# Trying to define $\mathbb{R}^{0.5}$ topologically [duplicate]

A few days ago, I was trying to generalize the defintion of Euclidean spaces by trying to define $\mathbb{R}^{0.5}$.

Question: Is there a metric space $A$ such that $A\times A$ is homeomorphic to $\mathbb{R}$?

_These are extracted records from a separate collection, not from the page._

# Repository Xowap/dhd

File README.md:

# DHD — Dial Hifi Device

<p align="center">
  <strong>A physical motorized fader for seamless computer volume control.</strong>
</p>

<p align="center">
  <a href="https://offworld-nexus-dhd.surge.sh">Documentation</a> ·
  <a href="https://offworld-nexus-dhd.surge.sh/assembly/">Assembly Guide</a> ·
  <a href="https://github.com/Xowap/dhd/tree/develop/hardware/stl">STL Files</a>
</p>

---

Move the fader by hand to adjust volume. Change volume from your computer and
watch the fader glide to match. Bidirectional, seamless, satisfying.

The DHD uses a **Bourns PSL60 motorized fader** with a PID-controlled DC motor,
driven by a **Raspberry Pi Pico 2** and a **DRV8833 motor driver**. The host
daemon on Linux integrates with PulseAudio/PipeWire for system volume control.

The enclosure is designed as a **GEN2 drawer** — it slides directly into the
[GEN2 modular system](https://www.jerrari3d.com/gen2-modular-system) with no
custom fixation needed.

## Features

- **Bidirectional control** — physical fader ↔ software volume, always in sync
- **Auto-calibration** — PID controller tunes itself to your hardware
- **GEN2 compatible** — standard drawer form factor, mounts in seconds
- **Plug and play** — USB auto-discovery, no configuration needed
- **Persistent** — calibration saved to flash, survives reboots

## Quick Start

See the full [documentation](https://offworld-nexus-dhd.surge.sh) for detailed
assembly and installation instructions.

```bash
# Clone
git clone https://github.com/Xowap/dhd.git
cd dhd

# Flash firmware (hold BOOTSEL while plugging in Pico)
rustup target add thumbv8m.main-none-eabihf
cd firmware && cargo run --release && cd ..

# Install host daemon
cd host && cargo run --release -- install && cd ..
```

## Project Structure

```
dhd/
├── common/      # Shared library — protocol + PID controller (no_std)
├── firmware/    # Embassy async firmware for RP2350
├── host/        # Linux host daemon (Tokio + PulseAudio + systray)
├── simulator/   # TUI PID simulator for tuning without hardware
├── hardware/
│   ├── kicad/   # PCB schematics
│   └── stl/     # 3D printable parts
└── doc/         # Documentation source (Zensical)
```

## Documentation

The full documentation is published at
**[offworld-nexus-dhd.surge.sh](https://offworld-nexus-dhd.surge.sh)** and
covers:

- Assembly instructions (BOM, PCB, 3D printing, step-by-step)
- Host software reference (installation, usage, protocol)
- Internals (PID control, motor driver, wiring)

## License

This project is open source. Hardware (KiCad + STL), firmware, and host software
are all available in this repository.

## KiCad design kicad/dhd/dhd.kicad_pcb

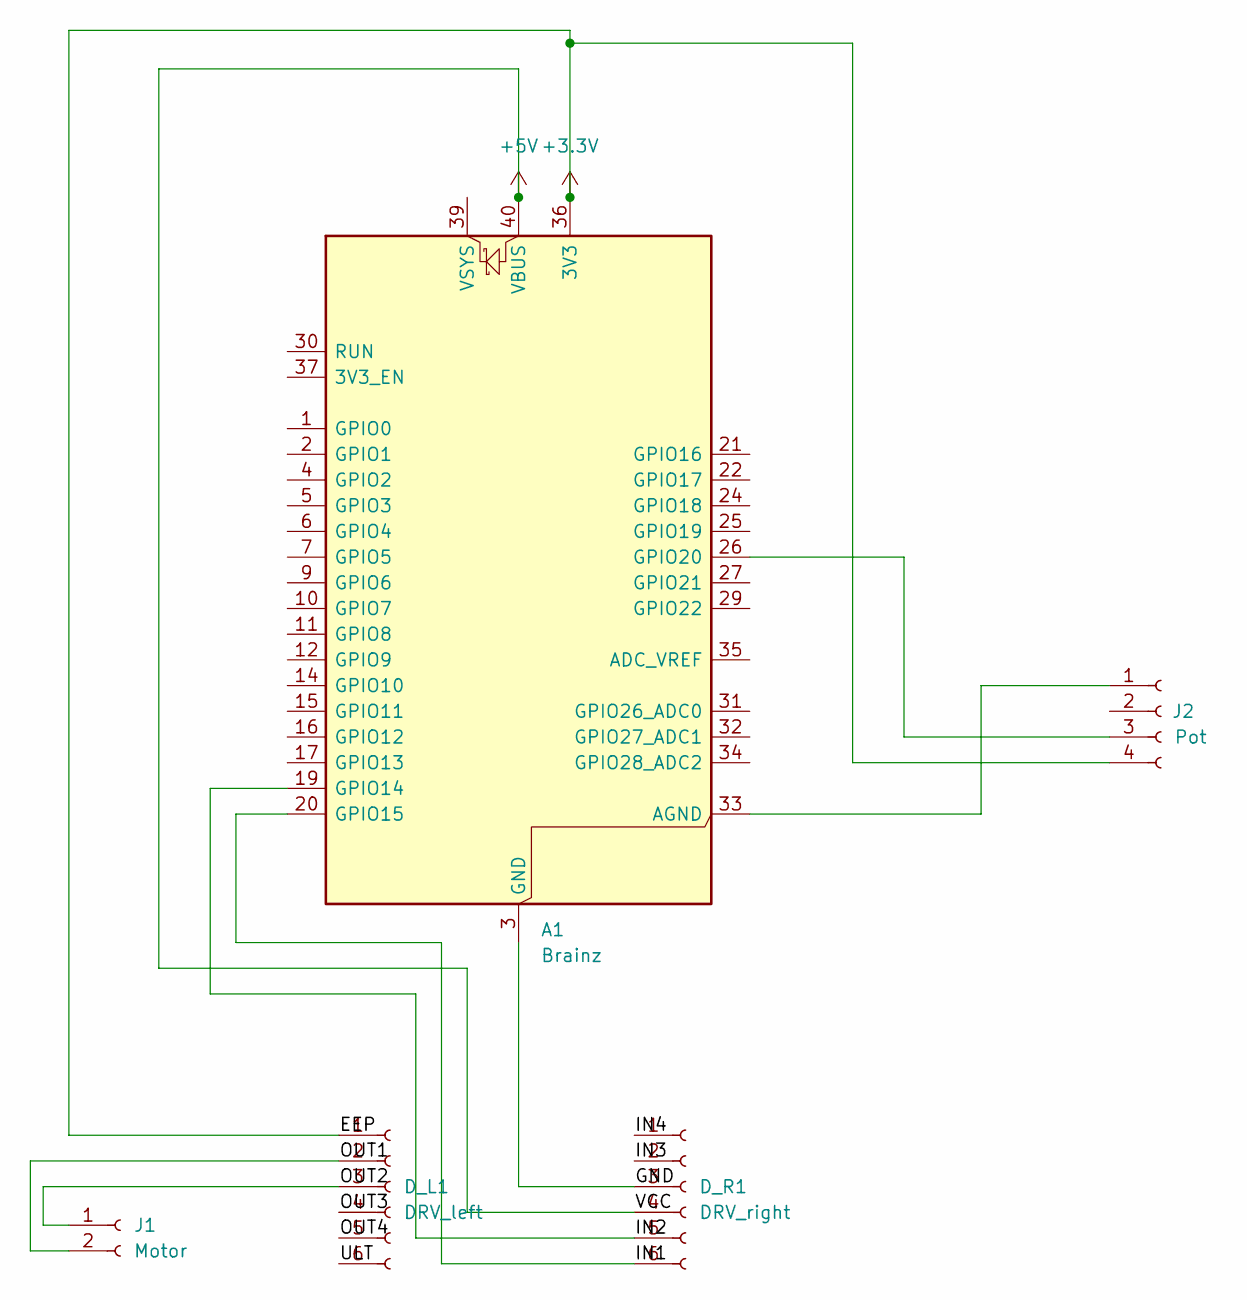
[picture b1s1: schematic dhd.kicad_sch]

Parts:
A1: Brainz; RaspberryPi_Pico_Common_THT
D_L1: DRV_left; PinHeader_1x06_P2.54mm_Vertical
D_R1: DRV_right; PinHeader_1x06_P2.54mm_Vertical
J1: Motor; JST_XH_B2B-XH-A_1x02_P2.50mm_Vertical
J2: Pot; JST_XH_B4B-XH-A_1x04_P2.50mm_Vertical

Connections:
+3.3V: A1.36 (3V3), D_L1.1, J2.4
+5V: A1.40 (VBUS), D_R1.4
/GND: A1.3 (GND), A1.8 (GND), A1.13 (GND), A1.18 (GND), A1.23 (GND), A1.28 (GND), A1.38 (GND), D_R1.3
/IN1: A1.20 (GPIO15), D_R1.6
/IN2: A1.19 (GPIO14), D_R1.5
/IN3: D_R1.2
/IN4: D_R1.1
/OUT1: D_L1.2, J1.2
/OUT2: D_L1.3, J1.1
/OUT3: D_L1.4
/OUT4: D_L1.5
/ULT: D_L1.6
unnamed: A1.33 (AGND), J2.1
unnamed: A1.26 (GPIO20), J2.3

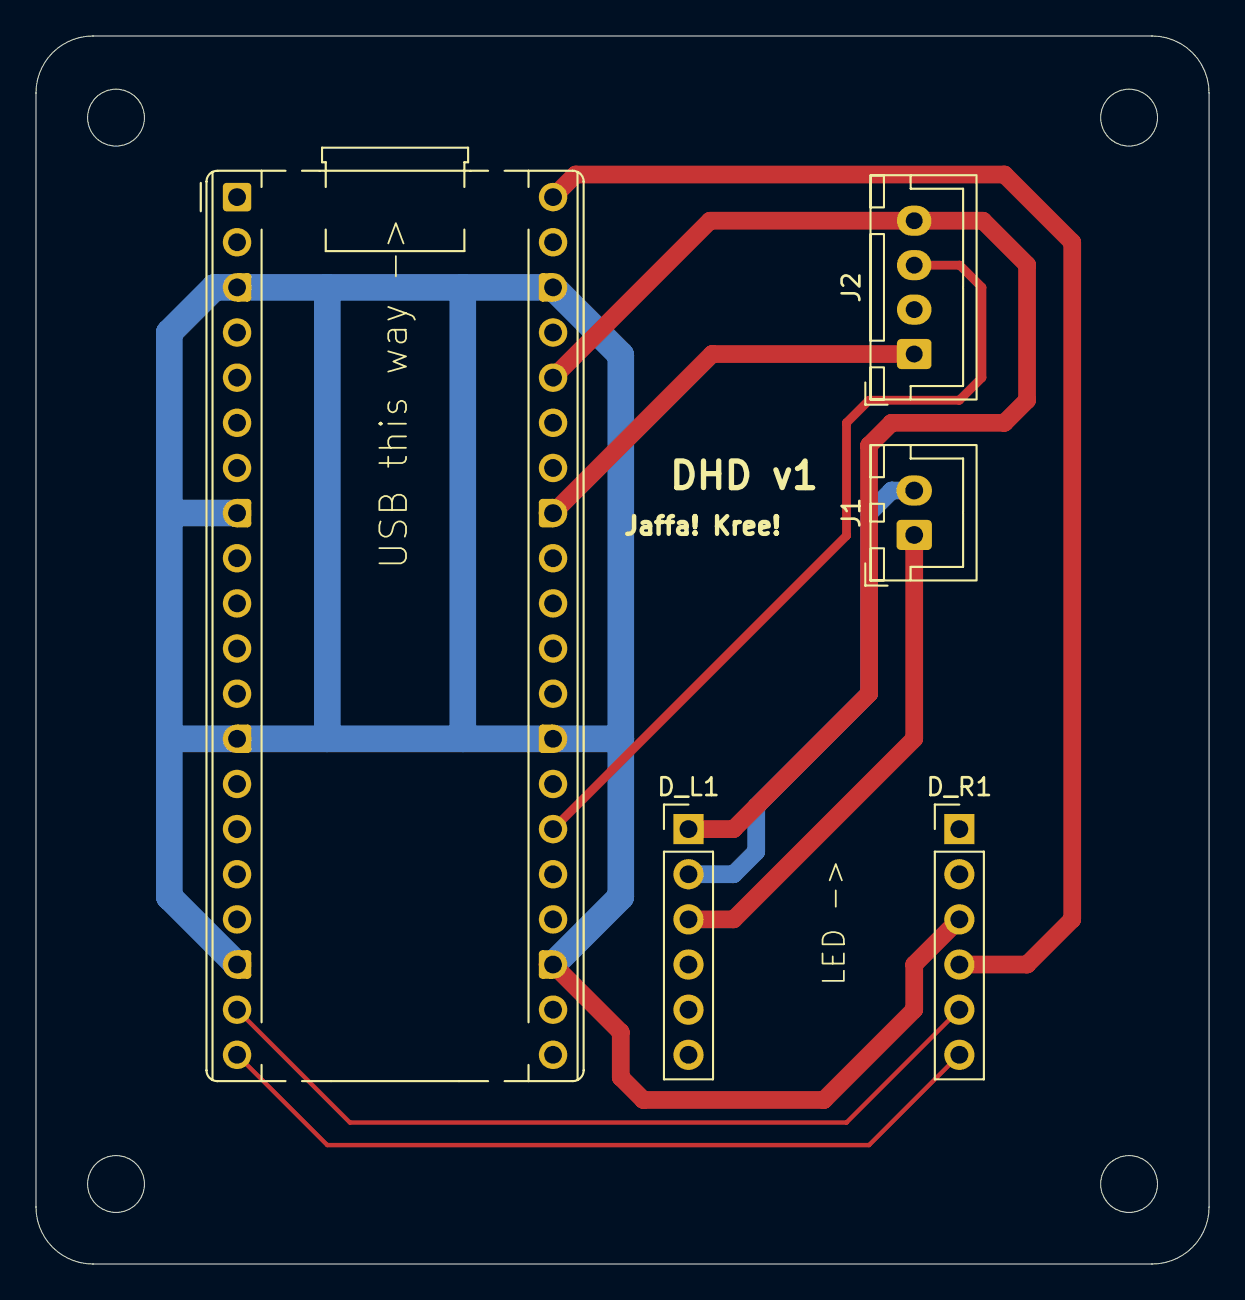
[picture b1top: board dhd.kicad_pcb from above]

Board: 2 copper layers, 66.0 x 69.1 mm, 5 parts (0 on the bottom side), 9 nets.

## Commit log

2026-03-21 Basic blinking project
2026-03-21 Test stuff?
2026-03-21 More complex LED control
2026-03-21 Logging capability
2026-03-21 Refactor using DI principles
2026-03-23 Rename project to "DHD" and implement core functionality for volume control via potentiometer. Replace LED management with volume state management using a DI-based architecture. Update comments and l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
2026-03-23 Adjust USB enumeration delay and refine startup logging procedure
2026-03-23 Add median filtering and hysteresis to PotentiometerManager for smoother volume updates
2026-03-23 Add change notification via Signal to PotentiometerManager and update Monitor to react to value changes
2026-03-26 Host/Firmware architecture
2026-03-26 Documentation
2026-03-26 Add asynchronous PulseAudio support and JSON protocol documentation
    - Implement asynchronous system volume control via PulseAudio integration.
    - Refactor USB communication to utilize `tokio` for non-blocking operations.
    - Add `DHD Protocol Specification` documentation outlining JSON-based communication protocol.
    - Update dependencies to include `tokio`, `libpulse-binding`, `futures`, and related libraries.
2026-03-26 Add handshake mechanism to the DHD protocol for initial connection validation
    - Introduce a JSON-based handshake exchange between host and device.
    - Update host to send and validate handshake messages during connection initialization.
    - Modify firmware to respond to handshake challenges from the host.
    - Adjust ping interval to 1 second and implement a three-ping timeout mechanism for connection monitoring.
    - Update protocol documentation to include handshake and revised ping behavior.
2026-03-27 Implement PulseAudio caching for efficient volume operations
    - Add `PulseCache` struct to store default sink index, channel count, and refresh state.
    - Use subscription to detect default sink changes and update `PulseCache` accordingly.
    - Optimize volume setting by avoiding redundant introspection calls when cached data is valid.
    - Improve logging for default sink changes and apply thread safety with `Arc<Mutex>`.
2026-03-27 Add event-driven PulseAudio notifications and refine logging
    - Introduce `PulseEvent` enum for handling server and sink changes.
    - Implement `tokio::mpsc` channel to process PulseAudio events asynchronously.
    - Replace redundant introspection calls with targeted sink updates on event changes.
    - Consolidate and enhance logging with a reusable `log` helper function.
    - Refactor `PulseController` initialization to return an event receiver channel.
2026-03-27 Make the potentiometer calibrable
2026-03-27 Major refactor and break everything
    The AI is just not managing to go any further on its own. Saving up where we are and going manual
2026-03-28 WIP - Calibration - Finding boundaries
2026-03-28 WIP - Calibration - Low speed finding
2026-04-19 Calibration-driven clipping
2026-04-19 Internal PID controller lib
2026-04-20 Implement run_until_target()
2026-04-20 PID controller real calibration
2026-04-20 Calibration of the physical PID
2026-04-21 Introduce physically and logically driven system modes
    This refactor addresses the need for robust, deterministic, and modular firmware operation without arbitrary delays. The main orchestrator is now split into distinct state handlers, including new `Ph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
    Volume rounding to 1% precision is now applied directly after the filter in the fader task for stability, emitting updates unconditionally. In `PhysicallyDriven` mode, PID resistance is disabled to a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
2026-04-21 [LOG-NONE] Implement persistent calibration storage and host-driven calibration
    This change adds support for storing fader calibration parameters in the RP2350
    flash memory, eliminating the need for a full calibration cycle on every boot.
    A dedicated 4KB .storage section has been carved out in the linker script,
    and a robust storage module with CRC-32 checksums and DMA-aligned buffering
    ensures data integrity.
    The calibration process is now host-driven. Upon connection, the host triggers
2026-04-21 Refactor logging: host-side filtering and firmware verbosity cleanup
    This change moves detailed firmware diagnostic logs (calibration steps,
    flash operations, fader events) from info to debug/trace levels to keep
    the default output clean. The firmware now unconditionally sends all log
    messages to the host, shifting the responsibility of filtering to the
    host tool.
    The host tool has been updated with a new CLI interface using clap,
2026-04-21 Add system tray icon and daemonization support
    The host program now supports a --systray flag which enables a system tray icon and detaches the process from the terminal. The tray icon provides real-time visualization of the device's FSM state us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
    - Added ksni and daemonize dependencies.
    - Implemented tray logic with custom state icons.
    - Added CLI support for daemonization.
    - Updated host logic to communicate state changes to the tray.
2026-04-21 Implement Install Subcommand and Autostart Support
    Refactor the CLI to use clap subcommands, introducing run (default) and install. The install command handles deploying the binary to ~/.local/bin, copying assets to ~/.local/share/dhd, and configurin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
    Additionally, updated the tray icon logic to prioritize the installed asset path and cleaned up CLI type naming from Args to Cli.
2026-04-21 Enhance install command output with colors and emojis
    The install command's output has been updated to be more visually appealing and informative.
    - Added colors (bold, cyan, green, magenta, blue) and emojis to highlight different steps.
    - Improved readability of file paths using italics and dimmed styling.
    - Added a count for the number of assets installed.
    - Improved spacing for better overall terminal presentation.
2026-04-21 Fix dynamic systray updates and enforce singleton daemon lock
    Bypass KDE's theme caching bug by returning absolute file paths to SVGs for the systray icon, enabling immediate visual state changes. The tray now tracks its own state and asynchronously pushes upda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
    A robust file lock (~/.cache/dhd.lock) has been added to guarantee only a single host instance runs at a time. The lock is properly re-acquired post-daemonization to handle closed file descriptors.
    Additionally, the install subcommand output was rewritten to display a cleaner, color-coded directory tree of installed files.
2026-04-21 Update documentation to match current implementation
    Ensure the documentation accurately reflects the current state of the application. The protocol documentation now includes the `mode` and `update_calibration` messages. The wiring documentation has b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
2026-04-21 Embed SVG assets into binary and fix installation file busy error
    Assets are now compiled directly into the binary using the `include_bytes!` macro, eliminating the need for hardcoded development fallback paths and making the executable more self-contained. The ins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
2026-04-25 Add KiCad project files and ignore build artifacts
    Add the initial KiCad project files. Update the .gitignore to exclude KiCad backups, autosaves, locks, and the derived gerbers/ directory to keep the repository clean.
2026-04-25 Submitted KiCad design v1
2026-05-06 Add scale inversion feature to flip volume direction
    Allow inverting the volume scale so that hardware 100% reads as
    volume 0% and vice-versa. This is useful for installations where the
    fader is mounted in reverse orientation.
    The inversion can be toggled from the host via SIGUSR2 or the systray
    "Invert Scale" menu item. The firmware persists the setting in flash
    alongside calibration data, reports it to the host during handshake,
2026-05-10 Construction/assembly guide
2026-05-10 Adding STL files
2026-05-10 Reorganize documentation as a Zensical static site
    Replace the flat collection of markdown files with a structured
    documentation site built on Zensical (Material for MkDocs), managed as
    a uv Python project under doc/.
    Content changes:
    - Split construction.md into dedicated assembly section (BOM, PCB,
    3D printing, step-by-step, GEN2 drawer integration)
2026-05-10 Improve documentation site with proper rendering, navigation, and source links
    Fix several issues with the Zensical-based documentation site that degraded
    the reading experience:
    - Rework zensical.toml markdown extensions to use proper TOML table syntax,
    enabling pymdownx.emoji (with to_svg/twemoji for icon rendering),
    pymdownx.superfences (with mermaid custom fence), pymdownx.arithmatex
    (with MathJax), and navigation.footer for next/prev links
2026-05-10 Fix GitHub links to point to develop instead of master
    All documentation links (blob, tree, raw references) pointed to the
    master branch, which no longer exists. Updated every occurrence across
    the README and all doc pages so that STL downloads, KiCad schematics,
    firmware source links, and code references resolve correctly against
    the actual default branch, develop.
2026-05-10 Clarify Pico 2 compatibility expectations in BOM
    The previous note vaguely said "any Raspberry Pi Pico should do the job"
    while being "totally untested", which was misleading. Replace it with
    specific guidance:
    - Pico 2 (non-W) is the tested target
    - Pico 1 requires a firmware retarget due to the RP2040 vs RP2350 difference
    - Pico 2 W shares the same chip but is untested, with potential USB/power

I am interested also in seeing examples of $A$ which are only topological spaces

Edit: If there exists a topological space $A$ such that $A\times A\cong \Bbb R$, then $A\times \{a\}$ is a subspace of $A\times A$ ($a\in A$). Hence $A\times\{a\}$ can be embedded in $\mathbb{R}$, since $A\cong A\times \{a\}$. Thus $A$ can be embedded in $\mathbb{R}$. Therefore $A$ is metrizable.

Thank you

No, no such space exists. Suppose $A$ is a topological space such that $A\times A\cong \mathbb R$, with the Euclidean induced topology on $\mathbb R$. If $A$ is disconnected then so is $A\times A$, but that would contradict the connectivity of $\mathbb R$, so it follows that $A$ is connected. But, since $A$ is connected it follows that $A\times A$ with a single point removed is still connected. However, $\mathbb R$ with a single point removed is not connected. Contradiction.